# Problem description
Among the entries that follow, find every line with the word "start" and copy it.

○ ○ ○ ○

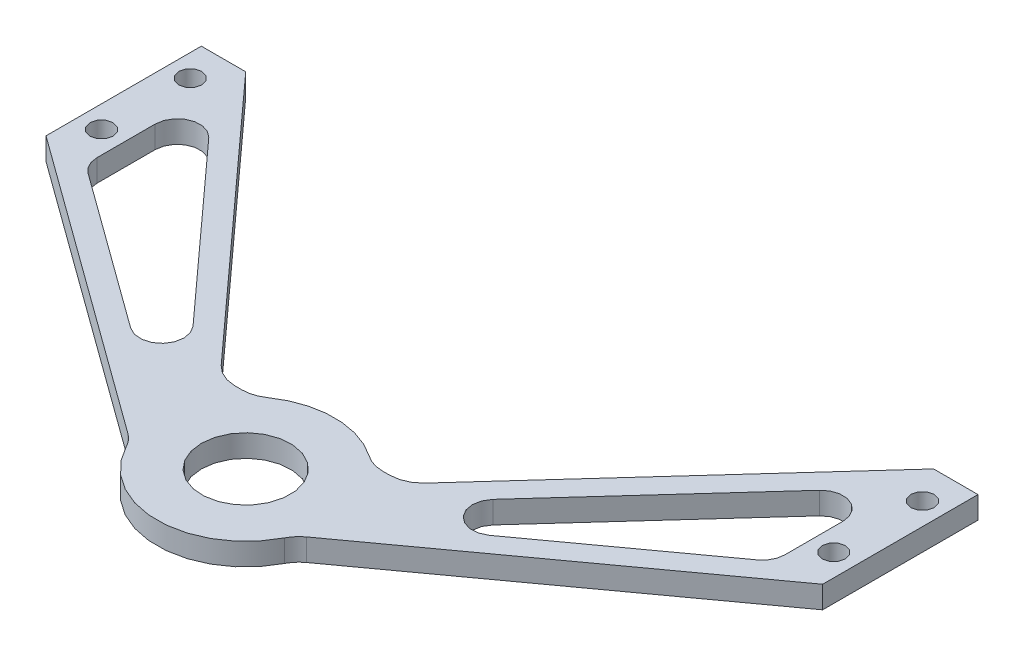
# Autodesk Inventor part: shoulder
Saved by Autodesk Inventor 2018 (Build 220112000, 112)
## iProperties
Created: 2018-09-03
Part Number: shoulder
Material: 一般
Document SubType Name: Modeling
Designer: y6tada
Density: 1 g/cm^3
Appearance: 既定
Author: y6tada
Autodesk Inventor part; units mm, degrees
ref_plane "YZ Plane" through (0, 0, 0) normal (1, 0, 0) x (0, 1, 0)
ref_plane "XZ Plane" through (0, 0, 0) normal (0, 1, 0) x (-1, 0, 0)
ref_plane "XY Plane" through (0, 0, 0) normal (0, 0, 1) x (1, 0, 0)
sketch "スケッチ1" plane through (0, 0, 0) normal (0, 1, 0) x (-1, 0, 0)
  arc A0 (0, -8) -> (4.5997, -6.5455) centre (0, 0) ccw
  line L0 (33, -28) -> (33, -20) construction
  line L1 (0, 0) -> (0, -13.0211) construction
  circle A1 centre (33, -28) radius 1.05
  circle A2 centre (33, -20) radius 1.05
  line L2 (31, -31) -> (9.1961, -6.9835)
  line L3 (31, -31) -> (35, -31)
  line L4 (35, -31) -> (35, -17)
  line L5 (35, -17) -> (8.0357, 2.5722)
  line L6 (31, -22.8462) -> (31, -17.5875)
  line L7 (30.1748, -15.969) -> (16.1748, -5.807)
  line L8 (13.5192, -8.7699) -> (27.5192, -24.1906)
  arc A3 (27.5192, -24.1906) -> (31, -22.8462) centre (29, -22.8462) ccw
  arc A4 (31, -17.5875) -> (30.1748, -15.969) centre (29, -17.5875) ccw
  arc A5 (16.1748, -5.807) -> (13.5192, -8.7699) centre (15, -7.4256) ccw
  line L9 (6.9749, -6) -> (6.3246, -6)
  arc A6 (7.1258, 3.6364) -> (0, 8) centre (0, 0) ccw
  line L10 (0, 8) -> (0, 0) construction
  arc A7 (6.3246, -6) -> (4.5997, -6.5455) centre (6.3246, -9) ccw
  arc A8 (7.1258, 3.6364) -> (8.0357, 2.5722) centre (9.798, 5) ccw
  arc A9 (9.1961, -6.9835) -> (6.9749, -6) centre (6.9749, -9) ccw
  arc A10 (-4.5997, -6.5455) -> (0, -8) centre (0, 0) ccw
  line L11 (-33, -28) -> (-33, -20) construction
  circle A11 centre (-33, -28) radius 1.05
  circle A12 centre (-33, -20) radius 1.05
  line L12 (-31, -31) -> (-9.1961, -6.9835)
  line L13 (-31, -31) -> (-35, -31)
  line L14 (-35, -31) -> (-35, -17)
  line L15 (-35, -17) -> (-8.0357, 2.5722)
  line L16 (-31, -22.8462) -> (-31, -17.5875)
  line L17 (-30.1748, -15.969) -> (-16.1748, -5.807)
  line L18 (-13.5192, -8.7699) -> (-27.5192, -24.1906)
  arc A13 (-31, -22.8462) -> (-27.5192, -24.1906) centre (-29, -22.8462) ccw
  arc A14 (-30.1748, -15.969) -> (-31, -17.5875) centre (-29, -17.5875) ccw
  arc A15 (-13.5192, -8.7699) -> (-16.1748, -5.807) centre (-15, -7.4256) ccw
  line L19 (-6.9749, -6) -> (-6.3246, -6)
  arc A16 (0, 8) -> (-7.1258, 3.6364) centre (0, 0) ccw
  arc A17 (-4.5997, -6.5455) -> (-6.3246, -6) centre (-6.3246, -9) ccw
  arc A18 (-8.0357, 2.5722) -> (-7.1258, 3.6364) centre (-9.798, 5) ccw
  arc A19 (-6.9749, -6) -> (-9.1961, -6.9835) centre (-6.9749, -9) ccw
  circle A20 centre (0, 0) radius 4
  point P0 (5.2915, -6)
  point P1 (-5.2915, -6)
  dimension "d0" = 2.1
  dimension "d1" = 8
  dimension "d2" = 4
  dimension "d3" = 3
  dimension "d4" = 3
  dimension "d5" = 70
  dimension "d6" = 2
  dimension "d7" = 2
  dimension "d8" = 2
  dimension "d10" = 8
  dimension "d11" = 3
  dimension "d12" = 20
  dimension "d13" = 6
  dimension "d14" = 5
  dimension "d15" = 15
  dimension "d16" = 8
  constraints: 40 end point, 34 point on circle, 26 symmetric about line, 21 centre point, 12 tangent, 6 coincident, 6 equal radius, 5 point on line, 3 vertical, 2 horizontal, 2 parallel, 1 collinear, 1 concentric, 1 perpendicular, 11 other
  measures "d0" diameter of A1
  measures "d1" distance of L0.start L0.end
  measures "d2" distance between parallel lines of L4 L6
  measures "d3" distance from line of L3 L0.start
  measures "d4" vertical distance of L4.end L0.end
  measures "d5" diameter of L4 L1
  measures "d6" distance between parallel lines of L2 L8
  measures "d7" distance between parallel lines of L5 L7
  measures "d8" radius of A3
  measures "d10" radius of A0
  measures "d11" radius of A7
  measures "d12" vertical distance of point (0, 0) L0.end
  measures "d13" distance from line of point (0, 0) L9
  measures "d14" vertical distance of point (0, 0) A8.centre
  measures "d15" distance from line of L10 A5.centre
  measures "d16" diameter of A20
extrude "押し出し1" add sketch "スケッチ1" along normal blind 2

○ ○ ○ ○

# Output
  measures "d1" distance of L0.start L0.end
  measures "d3" distance from line of L3 L0.start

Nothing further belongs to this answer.